--- WHAT YOU HAVE TO DO ---
The lines from the top of the material through the line with "#1978 = CARTESIAN_POINT" are to be set down exactly. Leave the pictures out.

--- THE DATA ---
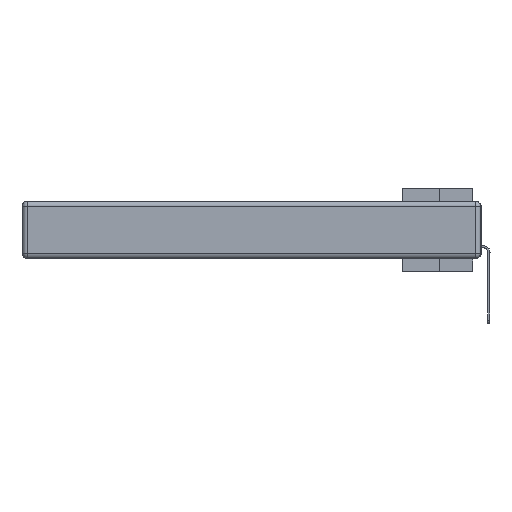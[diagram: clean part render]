
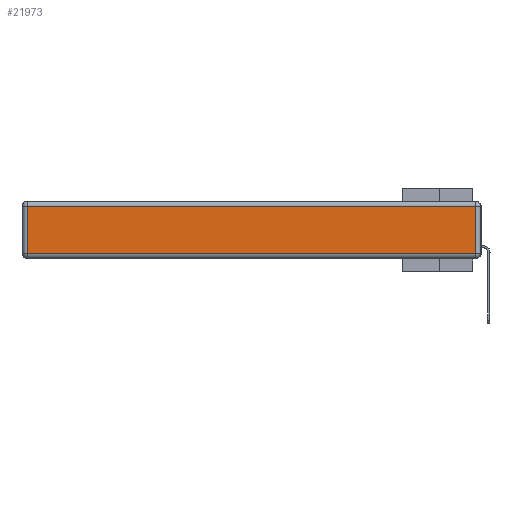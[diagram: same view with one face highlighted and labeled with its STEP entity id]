
A CAD part, left-side view. The second image highlights one B-rep face of the part: STEP entity #21973.
In plain terms, the highlighted planar face has unit normal (-1, 0, 0).
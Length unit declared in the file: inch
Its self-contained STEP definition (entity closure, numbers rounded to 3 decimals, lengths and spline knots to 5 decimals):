
#1014 = CARTESIAN_POINT ( 'NONE',  ( 0., 2.75, -0.03 ) ) ;
#1978 = CARTESIAN_POINT ( 'NONE',  ( 0., 0.03, -0.313 ) ) ;
#2230 = LINE ( 'NONE', #7874, #8444 ) ;
#2638 = VERTEX_POINT ( 'NONE', #36385 ) ;
#2859 = ORIENTED_EDGE ( 'NONE', *, *, #21793, .T. ) ;
#3453 = VERTEX_POINT ( 'NONE', #5715 ) ;
#4912 = ORIENTED_EDGE ( 'NONE', *, *, #25127, .T. ) ;
#5355 = CARTESIAN_POINT ( 'NONE',  ( 0., 2.72, -0.03 ) ) ;
#5715 = CARTESIAN_POINT ( 'NONE',  ( 0., 2.72, -0.313 ) ) ;
#7874 = CARTESIAN_POINT ( 'NONE',  ( 0., 0.03, -0.343 ) ) ;
#8444 = VECTOR ( 'NONE', #35750, 39.37008 ) ;
#9883 = EDGE_CURVE ( 'NONE', #11609, #2638, #2230, .T. ) ;
#10058 = VERTEX_POINT ( 'NONE', #5355 ) ;
#10549 = LINE ( 'NONE', #34196, #36706 ) ;
#11609 = VERTEX_POINT ( 'NONE', #1978 ) ;
#12333 = DIRECTION ( 'NONE',  ( 0., 1., 0. ) ) ;
#14332 = DIRECTION ( 'NONE',  ( 0., 0., -1. ) ) ;
#14673 = AXIS2_PLACEMENT_3D ( 'NONE', #20762, #14924, #34660 ) ;
#14924 = DIRECTION ( 'NONE',  ( -1., 0., 0. ) ) ;
#15428 = EDGE_LOOP ( 'NONE', ( #4912, #23520, #27409, #2859 ) ) ;
#16851 = EDGE_CURVE ( 'NONE', #2638, #10058, #35440, .T. ) ;
#17135 = LINE ( 'NONE', #34483, #22487 ) ;
#17772 = VECTOR ( 'NONE', #12333, 39.37008 ) ;
#19948 = FACE_OUTER_BOUND ( 'NONE', #15428, .T. ) ;
#20762 = CARTESIAN_POINT ( 'NONE',  ( 0., 0., -0.343 ) ) ;
#21793 = EDGE_CURVE ( 'NONE', #10058, #3453, #10549, .T. ) ;
#21973 = ADVANCED_FACE ( 'NONE', ( #19948 ), #26440, .T. ) ;
#22487 = VECTOR ( 'NONE', #26029, 39.37008 ) ;
#23520 = ORIENTED_EDGE ( 'NONE', *, *, #9883, .T. ) ;
#25127 = EDGE_CURVE ( 'NONE', #3453, #11609, #17135, .T. ) ;
#26029 = DIRECTION ( 'NONE',  ( 0., -1., 0. ) ) ;
#26440 = PLANE ( 'NONE',  #14673 ) ;
#27409 = ORIENTED_EDGE ( 'NONE', *, *, #16851, .T. ) ;
#34196 = CARTESIAN_POINT ( 'NONE',  ( 0., 2.72, -0.343 ) ) ;
#34483 = CARTESIAN_POINT ( 'NONE',  ( 0., 0., -0.313 ) ) ;
#34660 = DIRECTION ( 'NONE',  ( 0., 0., 1. ) ) ;
#35440 = LINE ( 'NONE', #1014, #17772 ) ;
#35750 = DIRECTION ( 'NONE',  ( 0., 0., 1. ) ) ;
#36385 = CARTESIAN_POINT ( 'NONE',  ( 0., 0.03, -0.03 ) ) ;
#36706 = VECTOR ( 'NONE', #14332, 39.37008 ) ;

--- EXERCISE SOLUTION ---
[diagram: clean part render]
[diagram: same view with one face highlighted and labeled with its STEP entity id]
A CAD part, left-side view. The second image highlights one B-rep face of the part: STEP entity #21973.
In plain terms, the highlighted planar face has unit normal (-1, 0, 0).
Length unit declared in the file: inch
Its self-contained STEP definition (entity closure, numbers rounded to 3 decimals, lengths and spline knots to 5 decimals):
#1014 = CARTESIAN_POINT ( 'NONE',  ( 0., 2.75, -0.03 ) ) ;
#1978 = CARTESIAN_POINT ( 'NONE',  ( 0., 0.03, -0.313 ) ) ;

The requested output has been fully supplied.